Hacker News new | ask | show | jobs
by Oras 565 days ago
One of the challenges I have with RAG is excluding table of contents, headers/footers and appendices from PDFs.

Is there a tool/technique to achieve this? I’m aware that I can use LLMs to do so, or read all pages and find identical text (header/footer), but I want to keep the page number as part of the metadata to ensure better citation on retrieval.

3 comments

Thank you, this is a mix of OCR and LLM, I was thinking if there might be a library to avoid using that.

A better approach will be using Textract as it maintains the flow, such as if you have a table going across multiple pages.

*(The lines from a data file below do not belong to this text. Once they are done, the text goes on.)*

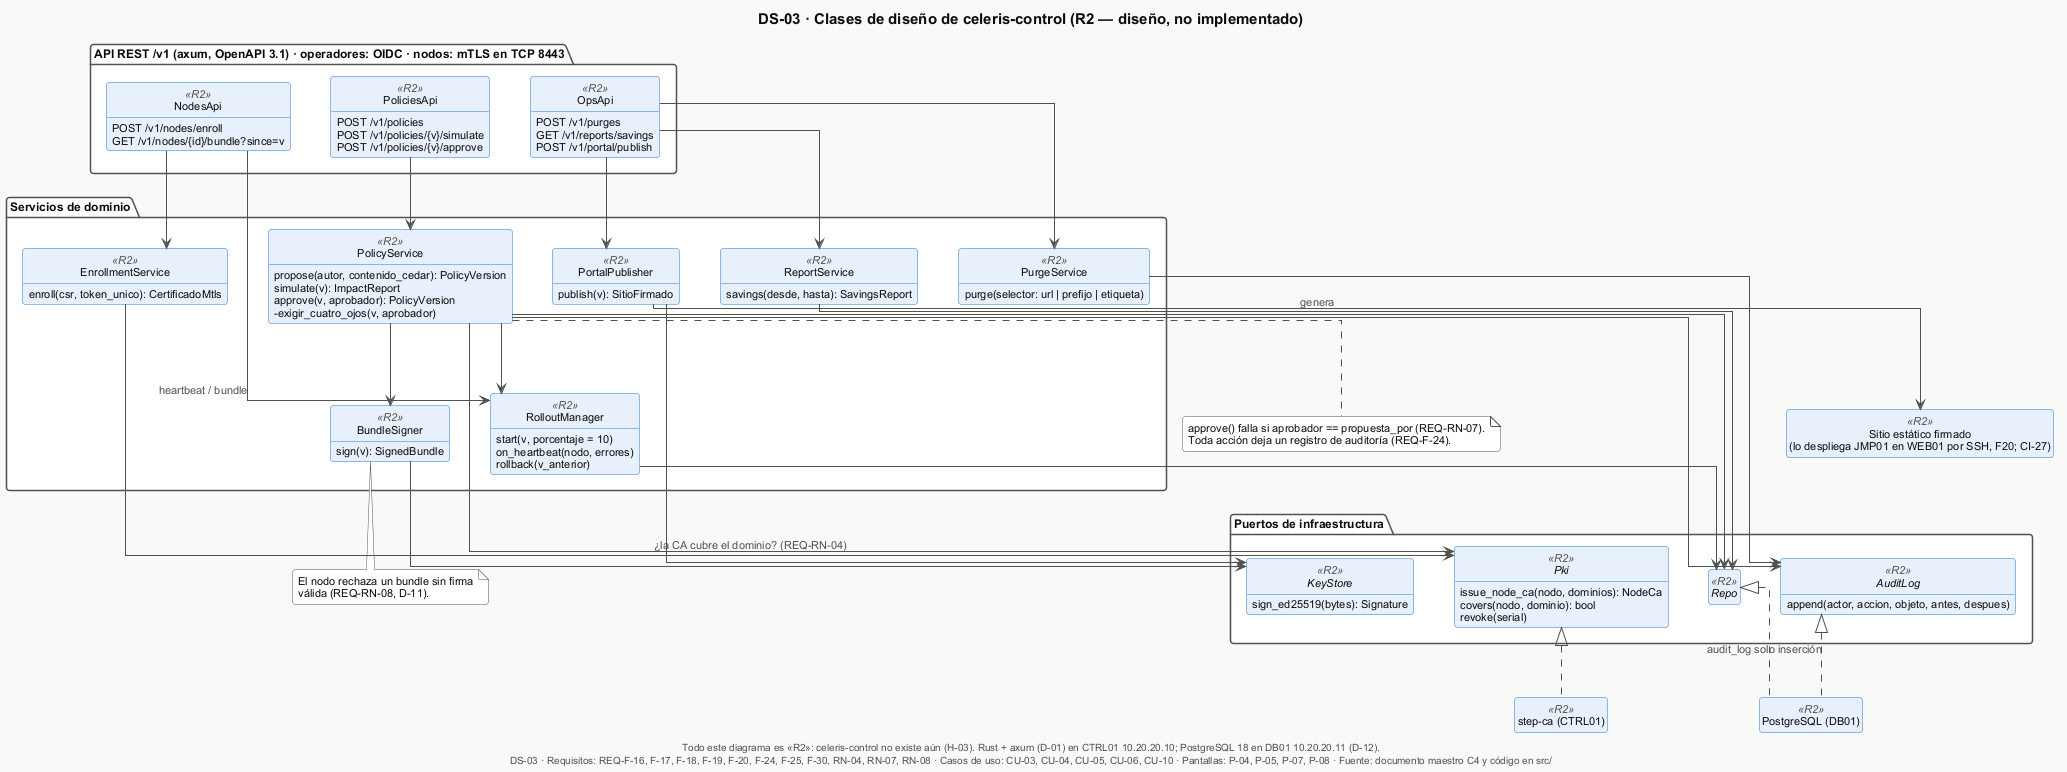

The diagram above was rendered by PlantUML. Its source (embedded in the PNG):
@startuml DS-03-clases-control
!include _estilo.iuml
title DS-03 · Clases de diseño de celeris-control (R2 — diseño, no implementado)
caption Todo este diagrama es «R2»: celeris-control no existe aún (H-03). Rust + axum (D-01) en CTRL01 10.20.20.10; PostgreSQL 18 en DB01 10.20.20.11 (D-12).
skinparam linetype ortho
skinparam nodesep 40
skinparam ranksep 70

package "API REST /v1 (axum, OpenAPI 3.1) · operadores: OIDC · nodos: mTLS en TCP 8443" {
  class NodesApi <<R2>> {
    POST /v1/nodes/enroll
    GET /v1/nodes/{id}/bundle?since=v
  }
  class PoliciesApi <<R2>> {
    POST /v1/policies
    POST /v1/policies/{v}/simulate
    POST /v1/policies/{v}/approve
  }
  class OpsApi <<R2>> {
    POST /v1/purges
    GET /v1/reports/savings
    POST /v1/portal/publish
  }
}

package "Servicios de dominio" {
  class EnrollmentService <<R2>> {
    enroll(csr, token_unico): CertificadoMtls
  }
  class PolicyService <<R2>> {
    propose(autor, contenido_cedar): PolicyVersion
    simulate(v): ImpactReport
    approve(v, aprobador): PolicyVersion
    -exigir_cuatro_ojos(v, aprobador)
  }
  class RolloutManager <<R2>> {
    start(v, porcentaje = 10)
    on_heartbeat(nodo, errores)
    rollback(v_anterior)
  }
  class BundleSigner <<R2>> {
    sign(v): SignedBundle
  }
  class PurgeService <<R2>> {
    purge(selector: url | prefijo | etiqueta)
  }
  class ReportService <<R2>> {
    savings(desde, hasta): SavingsReport
  }
  class PortalPublisher <<R2>> {
    publish(v): SitioFirmado
  }
}

package "Puertos de infraestructura" {
  interface Pki <<R2>> {
    issue_node_ca(nodo, dominios): NodeCa
    covers(nodo, dominio): bool
    revoke(serial)
  }
  interface Repo <<R2>>
  interface AuditLog <<R2>> {
    append(actor, accion, objeto, antes, despues)
  }
  interface KeyStore <<R2>> {
    sign_ed25519(bytes): Signature
  }
}

class "step-ca (CTRL01)" as StepCa <<R2>>
class "PostgreSQL (DB01)" as Pg <<R2>>
class "Sitio estático firmado\n(lo despliega JMP01 en WEB01 por SSH, F20; CI-27)" as WebDeploy <<R2>>

NodesApi --> EnrollmentService
NodesApi --> RolloutManager : heartbeat / bundle
PoliciesApi --> PolicyService
OpsApi --> PurgeService
OpsApi --> ReportService
OpsApi --> PortalPublisher
EnrollmentService --> Pki
PolicyService --> Pki : ¿la CA cubre el dominio? (REQ-RN-04)
PolicyService --> BundleSigner
PolicyService --> RolloutManager
PolicyService --> AuditLog
PolicyService --> Repo
BundleSigner --> KeyStore
RolloutManager --> Repo
PurgeService --> AuditLog
ReportService --> Repo
PortalPublisher --> KeyStore
Pki <|.. StepCa
Repo <|.. Pg
AuditLog <|.. Pg : audit_log solo inserción
PortalPublisher --> WebDeploy : genera

note bottom of PolicyService
  approve() falla si aprobador == propuesta_por (REQ-RN-07).
  Toda acción deja un registro de auditoría (REQ-F-24).
end note
note bottom of BundleSigner
  El nodo rechaza un bundle sin firma
  válida (REQ-RN-08, D-11).
end note

$pie("DS-03", "REQ-F-16, F-17, F-18, F-19, F-20, F-24, F-25, F-30, RN-04, RN-07, RN-08", "CU-03, CU-04, CU-05, CU-06, CU-10", "P-04, P-05, P-07, P-08")
@enduml

Btw, tesseract is not that good in getting accurate data from tables. Use it with caution especially in financial context.

I have made an open source tool to show missing data from tesseract and easy ocr https://github.com/orasik/parsevision/

Nice I really liked it!
I would check out vision models as a technique to go around OCR errors.

ColPali is the standard implementation & SOTA. Much better than OCR. We maintain a ready to go retrieval API that implements this: https://github.com/tjmlabs/ColiVara

You’ll need other heuristics for ToC and indices but headers/footers are easy to detect via n-gram deduplication. You’ll want to figure out some rolling logic to handle chapter changes though.
Headers/footers are also positional.